All UEFI Bootloaders support GPT disks since GPT is a part of UEFI Specification and thus mandatory for UEFI boot.

Partitioning Utilities

GPT fdisk

GPT fdisk is a set of text-mode utilities for editing GPT disks. It consists of gdisk, sgdisk and cgdisk which are equivalent to respective tools from util-linux fdisk (used for MBR disks). It is available in the [extra] repository as gptfdisk.

Note: The fdisk partitioning utilities from util-linux (i.e. fdisk, cfdisk and sfdisk) do not support GPT, and may damage the GPT header and partition table if used on a GPT disk.

Convert from MBR to GPT

One of the best features of gdisk (and sgdisk and cgdisk too) is its ability to convert MBR and BSD disklabels to GPT without data loss. Upon conversion, all the MBR primary partitions and the logical partitions become GPT partitions with the correct partition type GUIDs and Unique partition GUIDs created for each partition.

Just open the MBR disk using gdisk and exit with “w” option to write the changes back to the disk (similar to fdisk) to convert the MBR disk to GPT. Watch out for any error and fix them before writing any change to disk because you may risk losing data. See http://www.rodsbooks.com/gdisk/mbr2gpt.html for more info. After conversion, the bootloaders will need to be reinstalled to configure them to boot from GPT.
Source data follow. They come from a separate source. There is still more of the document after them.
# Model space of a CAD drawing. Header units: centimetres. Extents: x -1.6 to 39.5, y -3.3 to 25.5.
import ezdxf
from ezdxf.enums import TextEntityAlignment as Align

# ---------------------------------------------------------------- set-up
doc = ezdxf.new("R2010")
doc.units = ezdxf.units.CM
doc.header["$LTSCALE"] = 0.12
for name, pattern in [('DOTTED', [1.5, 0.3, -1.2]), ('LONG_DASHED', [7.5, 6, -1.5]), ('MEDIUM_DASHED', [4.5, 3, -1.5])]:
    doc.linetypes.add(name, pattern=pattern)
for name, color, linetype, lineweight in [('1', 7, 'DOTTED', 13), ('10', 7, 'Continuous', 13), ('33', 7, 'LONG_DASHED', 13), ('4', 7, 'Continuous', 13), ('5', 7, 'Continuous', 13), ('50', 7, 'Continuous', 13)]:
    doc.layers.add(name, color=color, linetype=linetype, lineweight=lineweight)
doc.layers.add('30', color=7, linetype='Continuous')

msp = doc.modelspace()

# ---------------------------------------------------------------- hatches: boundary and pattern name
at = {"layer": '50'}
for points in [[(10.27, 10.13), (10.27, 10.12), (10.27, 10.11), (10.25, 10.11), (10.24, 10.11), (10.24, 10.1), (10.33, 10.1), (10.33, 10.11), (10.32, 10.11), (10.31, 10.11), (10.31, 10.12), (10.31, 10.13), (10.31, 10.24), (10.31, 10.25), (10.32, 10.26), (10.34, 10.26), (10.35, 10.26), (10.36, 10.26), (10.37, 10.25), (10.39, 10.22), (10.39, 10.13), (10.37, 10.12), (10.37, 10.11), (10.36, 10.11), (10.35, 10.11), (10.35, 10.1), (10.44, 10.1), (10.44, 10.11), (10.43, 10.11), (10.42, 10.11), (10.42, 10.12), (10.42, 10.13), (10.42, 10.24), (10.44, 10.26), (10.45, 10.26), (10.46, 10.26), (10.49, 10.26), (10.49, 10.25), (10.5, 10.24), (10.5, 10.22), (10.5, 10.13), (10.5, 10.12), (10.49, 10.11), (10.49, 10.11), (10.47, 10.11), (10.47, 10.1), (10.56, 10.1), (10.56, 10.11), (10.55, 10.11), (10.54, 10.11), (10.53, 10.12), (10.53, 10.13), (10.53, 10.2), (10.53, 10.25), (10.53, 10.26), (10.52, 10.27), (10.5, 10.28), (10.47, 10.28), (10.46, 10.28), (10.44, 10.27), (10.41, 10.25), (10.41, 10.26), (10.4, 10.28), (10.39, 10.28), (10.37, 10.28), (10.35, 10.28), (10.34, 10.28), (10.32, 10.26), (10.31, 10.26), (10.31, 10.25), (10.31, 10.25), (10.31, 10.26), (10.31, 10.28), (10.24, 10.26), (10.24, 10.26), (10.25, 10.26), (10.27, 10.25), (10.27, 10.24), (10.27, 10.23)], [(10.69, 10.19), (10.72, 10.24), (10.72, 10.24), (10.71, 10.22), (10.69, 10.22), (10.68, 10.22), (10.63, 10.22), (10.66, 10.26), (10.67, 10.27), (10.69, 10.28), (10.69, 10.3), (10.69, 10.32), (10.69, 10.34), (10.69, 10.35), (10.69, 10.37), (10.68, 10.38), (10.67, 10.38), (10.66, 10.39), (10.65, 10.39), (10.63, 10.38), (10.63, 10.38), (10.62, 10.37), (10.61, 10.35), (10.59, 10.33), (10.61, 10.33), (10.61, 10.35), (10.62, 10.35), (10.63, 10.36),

Note: Remember that GPT stores a secondary table at the end of disk. You may have to make sure that the last 1 MiB of the disk is not used by any partition.

GNU Parted

In GNU Parted >=3.0, the parted command-line utility does not support any filesystem related operation, and most of the FS related code has been removed from the libparted, leaving only minimal code required by external applications like gparted. The upstream recommends using the filesystem specific tools or one of the parted’s GUI wrappers like gparted (which calls these external tools) for filesystem related operations.